> **EXERCISE GOAL**: Every line that contains "start" must be located and copied from the data.

> **Source data**:
————————

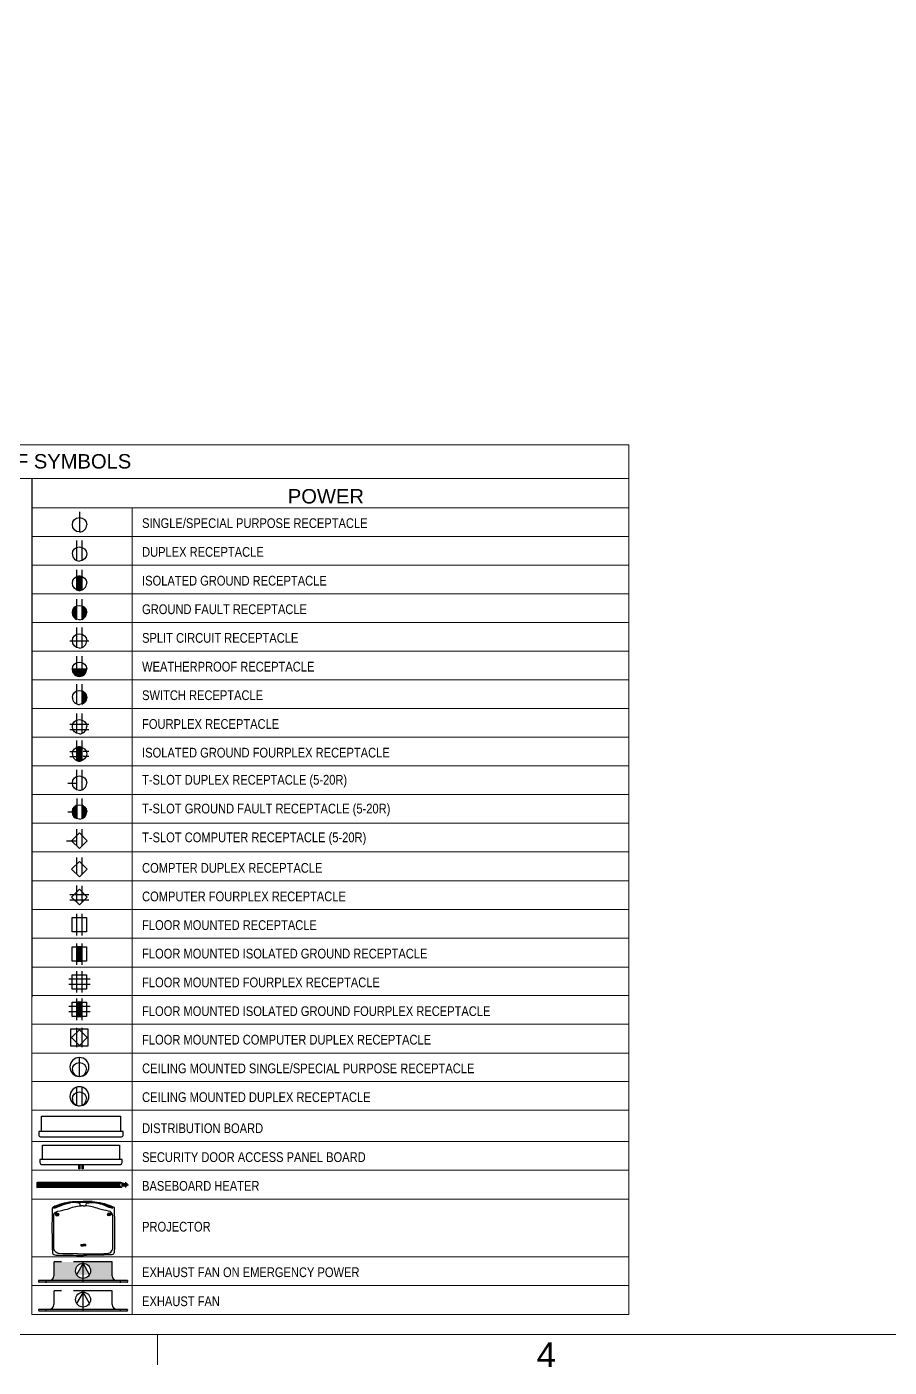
# Model space of a CAD drawing. Header units: inches. Extents: x 0.9 to 36.3, y 0.7 to 23.3.
# Drawn here: x 6.31 to 13.41, y 0.74 to 11.78 of the extents above; entities that cross this region are included whole.
import ezdxf

# ---------------------------------------------------------------- set-up
doc = ezdxf.new("R2010")
doc.units = ezdxf.units.IN
doc.linetypes.add('CENTER', pattern=[50.8, 31.75, -6.35, 6.35, -6.35])
doc.layers.get('0').update_dxf_attribs({"color": 1})
doc.layers.add('Legends', color=250, linetype='Continuous')
doc.layers.add('PDF_Text', color=7, linetype='Continuous')
doc.layers.add('PDF_Geometry', color=7, linetype='Continuous', lineweight=9, true_color=0x777777)
doc.styles.add('PDF Arial', font='arial.ttf')
doc.styles.add('PDF Arial Narrow', font='ARIALN.TTF')
doc.styles.add('PDF GillSansMTCondensed', font='arial.ttf')

# ---------------------------------------------------------------- blocks, each defined once
blk = doc.blocks.new('Epson 5040ub_top_cad-block.com')
at = {"color": 0}
for points in [[(-74, -5), (-74, 0), (0, 0)], [(74, -5), (74, 0), (0, 0)], [(-231, -53), (-238, -47)], [(-220, -49), (-228, -43)], [(-208, -45), (-216, -38)], [(-199, -41), (-206, -35)], [(-188, -37), (-195, -31)], [(-177, -32), (-183, -28)], [(-168, -29), (-173, -25)], [(-157, -25), (-160, -22)], [(-148, -22), (-149, -20)], [(-138, -19), (-139, -19)], [(138, -19), (139, -19)], [(148, -22), (149, -20)], [(157, -25), (160, -22)], [(168, -29), (173, -25)], [(177, -32), (183, -28)], [(188, -37), (195, -31)], [(199, -41), (206, -35)], [(208, -45), (216, -38)], [(220, -49), (228, -43)], [(231, -53), (238, -47)], [(-49, -438), (49, -438)], [(-19, -359), (0, -359)], [(-19, -371), (0, -371)], [(19, -359), (0, -359)], [(19, -371), (0, -371)]]:
    blk.add_lwpolyline(points, dxfattribs=at)
for points in [[(0, -37), (-17, -37, -0.354906), (-24, -31, -0.016056), (-26, -22, 0.285232), (-31, -15, 0.084022), (-44, -13, -0.143766), (-49, -12, -0.072792), (-52, -10), (-60, -10, 0.320532), (-66, -5, 0.048215), (-97, -5, 0.096612), (-254, -49, 0.263617), (-258, -55, 0.012885), (-258, -427, -0.781265)], [(-60, -10), (-106, -13, 0.045223), (-106, -13, 0.07056), (-174, -31, -0.006437), (-228, -53, -0.072856), (-243, -56, -0.70445), (-246, -49, -0.081569), (-240, -45, -0.0531), (-170, -21, -0.048177), (-106, -13, -6.183682)], [(-247, -53, -0.112665), (-246, -52, -0.081569), (-240, -48, -0.0531), (-170, -24, -0.02751), (-134, -18, -0.02751)], [(-49, -438), (-87, -438, -0.020934), (-200, -434, -0.427836), (-246, -377), (-246, -121, -0.367703), (-212, -81, 0.026801), (-130, -63, 0.03082), (-130, -63, -0.081077), (-17, -37, -8.970593)], [(0, -37), (17, -37, 0.354906), (24, -31, 0.016056), (26, -22, -0.285232), (31, -15, -0.084022), (44, -13, 0.143766), (49, -12, 0.072792), (52, -10), (60, -10, -0.320532), (66, -5, -0.048215), (97, -5, -0.096612), (254, -49, -0.263617), (258, -55, -0.012885), (258, -427, 0.781265)], [(49, -438), (87, -438, 0.020934), (200, -434, 0.427836), (246, -377), (246, -121, 0.367703), (212, -81, -0.026801), (130, -63, -0.03082), (130, -63, 0.081077), (17, -37, 8.970593)], [(60, -10), (106, -13, -0.045223), (106, -13, -0.07056), (174, -31, 0.006437), (228, -53, 0.072856), (243, -56, 0.70445), (246, -49, 0.081569), (240, -45, 0.0531), (170, -21, 0.048177), (106, -13, 6.183682)], [(247, -53, 0.112665), (246, -52, 0.081569), (240, -48, 0.0531), (170, -24, 0.02751), (134, -18, 0.02751)], [(-258, -427, 0.30611), (-247, -442, 0.079705), (-230, -446, 0.003039), (0, -450, 73.76926)], [(258, -427, -0.30611), (247, -442, -0.079705), (230, -446, -0.003039), (0, -450, -73.76926)]]:
    blk.add_lwpolyline(points, format="xyb", dxfattribs=at)
for centre, radius in [((-217, -109), 13.3), ((-217, -109), 7.38), ((217, -109), 13.3), ((217, -109), 7.38)]:
    blk.add_circle(centre, radius, dxfattribs=at)
for centre, radius, start, end in [((0, -859), 851, 86.5169, 93.4831), ((-14, -365), 7.59, 127.7395, 232.2605), ((14, -365), 7.59, 307.7395, 52.2605)]:
    blk.add_arc(centre, radius, start, end, dxfattribs=at)

msp = doc.modelspace()

# ---------------------------------------------------------------- hatches: boundary and pattern name
at = {"layer": 'Legends', "transparency": 33554559}
for points in [[(6.752, 7.138), (6.758, 7.138), (6.758, 7.25), (6.752, 7.251), (6.723, 7.251), (6.715, 7.25), (6.715, 7.138), (6.723, 7.138), (6.73, 7.136), (6.745, 7.135), (6.745, 7.136)], [(6.695, 6.913), (6.717, 6.898), (6.717, 7.006), (6.713, 7.006), (6.69, 6.988), (6.68, 6.968), (6.682, 6.935)], [(6.787, 6.988), (6.762, 7.006), (6.758, 7.006), (6.758, 6.898), (6.785, 6.918), (6.795, 6.94), (6.797, 6.966)], [(6.795, 6.471), (6.797, 6.485), (6.68, 6.485), (6.683, 6.463), (6.7, 6.443), (6.722, 6.43), (6.753, 6.428), (6.783, 6.448)], [(6.772, 6.303), (6.762, 6.308), (6.758, 6.308), (6.758, 6.2), (6.775, 6.208), (6.792, 6.23), (6.795, 6.271), (6.787, 6.288)], [(6.755, 5.733), (6.758, 5.733), (6.758, 5.845), (6.752, 5.846), (6.723, 5.846), (6.715, 5.845), (6.715, 5.733), (6.72, 5.733), (6.73, 5.73), (6.745, 5.728), (6.745, 5.73)], [(6.693, 5.27), (6.717, 5.257), (6.717, 5.365), (6.713, 5.365), (6.69, 5.345), (6.68, 5.325), (6.682, 5.292)], [(6.772, 5.36), (6.762, 5.365), (6.758, 5.365), (6.758, 5.257), (6.775, 5.265), (6.792, 5.287), (6.795, 5.328), (6.787, 5.345)]]:
    msp.add_hatch(color=256, dxfattribs=at).paths.add_polyline_path(points)
at = {"layer": 'Legends', "linetype": 'CENTER', "ltscale": 0.01, "transparency": 33554559}
h = msp.add_hatch(color=256, dxfattribs=at)
h.dxf.hatch_style = 1
h.paths.add_polyline_path([(6.719, 1.493, -0.622687), (6.768, 1.593), (6.768, 1.604), (6.529, 1.604), (6.529, 1.493)])
h.paths.add_polyline_path([(6.529, 1.493), (6.529, 1.49, -0.414214), (6.489, 1.451), (6.768, 1.451), (6.768, 1.469, -0.232524), (6.719, 1.493)])
h.paths.add_polyline_path([(6.817, 1.493, -0.232524), (6.768, 1.469), (6.768, 1.451), (7.047, 1.451, -0.414214), (7.007, 1.49), (7.007, 1.493)])
h.paths.add_polyline_path([(6.768, 1.604), (6.768, 1.593, -0.622687), (6.817, 1.493), (7.007, 1.493), (7.007, 1.604)])
h.paths.add_polyline_path([(6.768, 1.593), (6.768, 1.499), (6.821, 1.499)], flags=17)
h.paths.add_polyline_path([(6.715, 1.499), (6.768, 1.499), (6.768, 1.593)], flags=17)

# ---------------------------------------------------------------- linework, layer by layer
at = {"layer": 'Legends', "linetype": 'CENTER', "lineweight": 20, "ltscale": 0.01}
msp.add_line((11.261, 8.056), (11.261, 8.334), dxfattribs=at)
at = {"layer": 'Legends', "lineweight": 20}
for p, q in [((11.261, 8.056), (6.345, 8.056)), ((6.345, 8.056), (6.345, 1.172)), ((11.261, 3.784), (11.261, 8.056)), ((11.261, 1.172), (11.261, 8.056)), ((6.345, 3.784), (6.345, 1.172)), ((11.261, 1.172), (11.261, 3.784))]:
    msp.add_line(p, q, dxfattribs=at)
at = {"layer": 'Legends'}
msp.add_line((6.345, 8.056), (6.345, 3.784), dxfattribs=at)
at = {"layer": 'Legends', "linetype": 'ByBlock', "ltscale": 0.5}
for p, q in [((6.387, 2.258), (6.394, 2.258)), ((6.387, 2.258), (6.387, 2.218)), ((6.387, 2.218), (7.086, 2.219)), ((6.394, 2.26), (7.078, 2.261)), ((6.394, 2.258), (6.394, 2.26)), ((7.056, 2.245), (7.056, 2.23)), ((7.064, 2.255), (7.064, 2.23)), ((7.071, 2.226), (7.071, 2.255)), ((7.078, 2.258), (7.078, 2.261)), ((7.078, 2.258), (7.086, 2.258)), ((7.086, 2.258), (7.086, 2.219))]:
    msp.add_line(p, q, dxfattribs=at)
at = {"layer": 'Legends', "linetype": 'ByBlock', "ltscale": 0.3}
for p, q in [((6.402, 2.226), (6.402, 2.255)), ((6.402, 2.255), (7.071, 2.255)), ((6.402, 2.226), (7.071, 2.226)), ((6.409, 2.255), (6.409, 2.23)), ((6.416, 2.251), (6.416, 2.23)), ((6.424, 2.251), (6.424, 2.23)), ((6.432, 2.245), (6.432, 2.23)), ((6.44, 2.245), (6.44, 2.23)), ((6.447, 2.251), (6.447, 2.23)), ((6.455, 2.251), (6.455, 2.23)), ((6.463, 2.245), (6.463, 2.23)), ((6.47, 2.245), (6.47, 2.23)), ((6.478, 2.251), (6.478, 2.23)), ((6.486, 2.251), (6.486, 2.23)), ((6.494, 2.245), (6.494, 2.23)), ((6.501, 2.245), (6.501, 2.23)), ((6.509, 2.251), (6.509, 2.23)), ((6.517, 2.251), (6.517, 2.23)), ((6.524, 2.245), (6.524, 2.23)), ((6.532, 2.245), (6.532, 2.23)), ((6.54, 2.251), (6.54, 2.23)), ((6.548, 2.251), (6.548, 2.23)), ((6.555, 2.245), (6.555, 2.23)), ((6.563, 2.245), (6.563, 2.23)), ((6.571, 2.251), (6.571, 2.23)), ((6.578, 2.251), (6.578, 2.23)), ((6.586, 2.245), (6.586, 2.23)), ((6.594, 2.245), (6.594, 2.23)), ((6.601, 2.251), (6.601, 2.23)), ((6.609, 2.251), (6.609, 2.23)), ((6.617, 2.245), (6.617, 2.23)), ((6.625, 2.245), (6.625, 2.23)), ((6.632, 2.251), (6.632, 2.23)), ((6.64, 2.251), (6.64, 2.23)), ((6.648, 2.245), (6.648, 2.23)), ((6.655, 2.245), (6.655, 2.23)), ((6.658, 2.255), (6.813, 2.255)), ((6.813, 2.226), (6.659, 2.226)), ((6.663, 2.251), (6.663, 2.23)), ((6.671, 2.251), (6.671, 2.23)), ((6.679, 2.245), (6.679, 2.23)), ((6.686, 2.245), (6.686, 2.23)), ((6.694, 2.251), (6.694, 2.23)), ((6.702, 2.251), (6.702, 2.23)), ((6.709, 2.245), (6.709, 2.23)), ((6.717, 2.245), (6.717, 2.23)), ((6.725, 2.251), (6.725, 2.23)), ((6.733, 2.251), (6.733, 2.23)), ((6.74, 2.245), (6.74, 2.23)), ((6.748, 2.245), (6.748, 2.23)), ((6.756, 2.251), (6.756, 2.23)), ((6.763, 2.251), (6.763, 2.23)), ((6.771, 2.245), (6.771, 2.23)), ((6.779, 2.245), (6.779, 2.23)), ((6.786, 2.251), (6.786, 2.23)), ((6.794, 2.251), (6.794, 2.23)), ((6.802, 2.245), (6.802, 2.23)), ((6.81, 2.245), (6.81, 2.23)), ((6.817, 2.251), (6.817, 2.23)), ((6.825, 2.251), (6.825, 2.23)), ((6.833, 2.245), (6.833, 2.23)), ((6.84, 2.245), (6.84, 2.23)), ((6.848, 2.251), (6.848, 2.23)), ((6.856, 2.251), (6.856, 2.23)), ((6.864, 2.245), (6.864, 2.23)), ((6.871, 2.245), (6.871, 2.23)), ((6.879, 2.251), (6.879, 2.23)), ((6.887, 2.251), (6.887, 2.23)), ((6.894, 2.245), (6.894, 2.23)), ((6.902, 2.245), (6.902, 2.23)), ((6.91, 2.251), (6.91, 2.23)), ((6.918, 2.251), (6.918, 2.23)), ((6.925, 2.245), (6.925, 2.23)), ((6.933, 2.245), (6.933, 2.23)), ((6.941, 2.251), (6.941, 2.23)), ((6.948, 2.251), (6.948, 2.23)), ((6.956, 2.245), (6.956, 2.23)), ((6.964, 2.245), (6.964, 2.23)), ((6.971, 2.251), (6.971, 2.23)), ((6.979, 2.251), (6.979, 2.23)), ((6.987, 2.245), (6.987, 2.23)), ((6.995, 2.245), (6.995, 2.23)), ((7.002, 2.251), (7.002, 2.23)), ((7.01, 2.251), (7.01, 2.23)), ((7.018, 2.245), (7.018, 2.23)), ((7.025, 2.245), (7.025, 2.23)), ((7.033, 2.251), (7.033, 2.23)), ((7.041, 2.251), (7.041, 2.23)), ((7.049, 2.245), (7.049, 2.23)), ((7.086, 2.25), (7.095, 2.25)), ((7.086, 2.23), (7.095, 2.23)), ((7.095, 2.25), (7.095, 2.229)), ((7.105, 2.25), (7.095, 2.25)), ((7.105, 2.24), (7.095, 2.24)), ((7.105, 2.229), (7.095, 2.229)), ((7.097, 2.24), (7.141, 2.24)), ((7.105, 2.25), (7.105, 2.229)), ((7.105, 2.249), (7.109, 2.249)), ((7.105, 2.231), (7.109, 2.231)), ((7.119, 2.218), (7.119, 2.262))]:
    msp.add_line(p, q, dxfattribs=at)
at = {"layer": 'Legends', "linetype": 'ByBlock'}
for p, q in [((6.529, 1.49), (6.529, 1.604)), ((6.768, 1.437), (6.768, 1.604)), ((7.007, 1.49), (7.007, 1.604)), ((6.489, 1.451), (6.401, 1.451)), ((6.401, 1.451), (6.401, 1.444)), ((7.128, 1.437), (6.408, 1.437)), ((6.462, 1.453), (6.462, 1.433)), ((7.047, 1.451), (6.489, 1.451)), ((7.135, 1.451), (7.047, 1.451)), ((7.074, 1.453), (7.074, 1.433)), ((7.135, 1.451), (7.135, 1.444)), ((6.529, 1.254), (6.529, 1.367)), ((6.768, 1.2), (6.768, 1.367)), ((7.007, 1.254), (7.007, 1.367)), ((6.462, 1.216), (6.462, 1.196)), ((7.074, 1.216), (7.074, 1.196)), ((6.489, 1.214), (6.401, 1.214)), ((6.401, 1.214), (6.401, 1.207)), ((7.128, 1.2), (6.408, 1.2)), ((7.047, 1.214), (6.489, 1.214)), ((7.135, 1.214), (7.047, 1.214)), ((7.135, 1.214), (7.135, 1.207))]:
    msp.add_line(p, q, dxfattribs=at)
at = {"layer": 'Legends', "linetype": 'CENTER', "ltscale": 0.01}
for p, q in [((7.007, 1.604), (6.529, 1.604)), ((7.007, 1.367), (6.529, 1.367))]:
    msp.add_line(p, q, dxfattribs=at)
at = {"layer": 'Legends', "lineweight": 20}
for points in [[(1.349, 8.332), (1.349, 8.056), (10.987, 8.056)], [(1.35, 8.334), (11.261, 8.334)], [(11.261, 8.057), (10.988, 8.057)], [(6.345, 7.815), (11.261, 7.815)], [(7.172, 7.815), (7.172, 1.172)], [(6.345, 7.578), (11.261, 7.578)], [(6.345, 7.343), (11.261, 7.343)], [(6.345, 7.106), (11.261, 7.106)], [(6.345, 6.87), (11.261, 6.87)], [(6.345, 6.635), (11.261, 6.635)], [(6.345, 6.398), (11.261, 6.398)], [(6.345, 6.161), (11.261, 6.161)], [(6.345, 5.926), (11.261, 5.926)], [(7.172, 1.202), (7.172, 5.913)], [(6.345, 5.69), (11.261, 5.69)], [(6.345, 5.453), (11.261, 5.453)], [(6.345, 5.218), (11.261, 5.218)], [(6.345, 4.982), (11.261, 4.982)], [(6.345, 4.742), (11.261, 4.742)], [(6.345, 4.507), (11.261, 4.507)], [(6.345, 4.27), (11.261, 4.27)], [(6.345, 4.033), (11.261, 4.033)], [(6.345, 3.798), (11.261, 3.798)], [(6.345, 3.562), (11.261, 3.562)], [(6.345, 3.325), (11.261, 3.325)], [(6.345, 3.09), (11.261, 3.09)], [(6.345, 2.853), (11.261, 2.853)], [(11.261, 2.597), (6.345, 2.597)], [(11.261, 2.359), (6.345, 2.359)], [(11.261, 2.122), (6.345, 2.122)], [(11.261, 1.647), (6.345, 1.647)], [(11.261, 1.411), (6.345, 1.411)], [(11.261, 1.172), (6.345, 1.172)]]:
    msp.add_lwpolyline(points, dxfattribs=at)
at = {"layer": 'Legends'}
for points in [[(6.738, 7.781), (6.738, 7.616, 0.416667), (6.798, 7.676)], [(6.738, 3.13), (6.738, 3.288, 0.414894), (6.66, 3.21, 0.414894), (6.738, 3.132, 0.414894), (6.817, 3.21, 0.414894), (6.738, 3.288)], [(6.68, 3.19, 0.417898), (6.738, 3.132, 0.407143), (6.797, 3.19)], [(6.68, 2.948, 0.417898), (6.738, 2.89, 0.407143), (6.797, 2.948)]]:
    msp.add_lwpolyline(points, format="xyb", dxfattribs=at)
for points in [[(6.715, 7.545), (6.715, 7.38)], [(6.758, 7.545), (6.758, 7.378)], [(6.715, 7.303), (6.715, 7.138)], [(6.758, 7.303), (6.758, 7.138)], [(6.715, 7.063), (6.715, 6.896)], [(6.758, 7.063), (6.758, 6.896)], [(6.715, 6.828), (6.715, 6.663)], [(6.758, 6.828), (6.758, 6.663)], [(6.658, 6.718), (6.817, 6.718)], [(6.715, 6.593), (6.715, 6.485)], [(6.758, 6.593), (6.758, 6.485)], [(6.678, 6.485), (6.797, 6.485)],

————————

> **EXERCISE OUTPUT**:
for centre, radius, start, end in [((0, -859), 851, 86.5169, 93.4831), ((-14, -365), 7.59, 127.7395, 232.2605), ((14, -365), 7.59, 307.7395, 52.2605)]:
    blk.add_arc(centre, radius, start, end, dxfattribs=at)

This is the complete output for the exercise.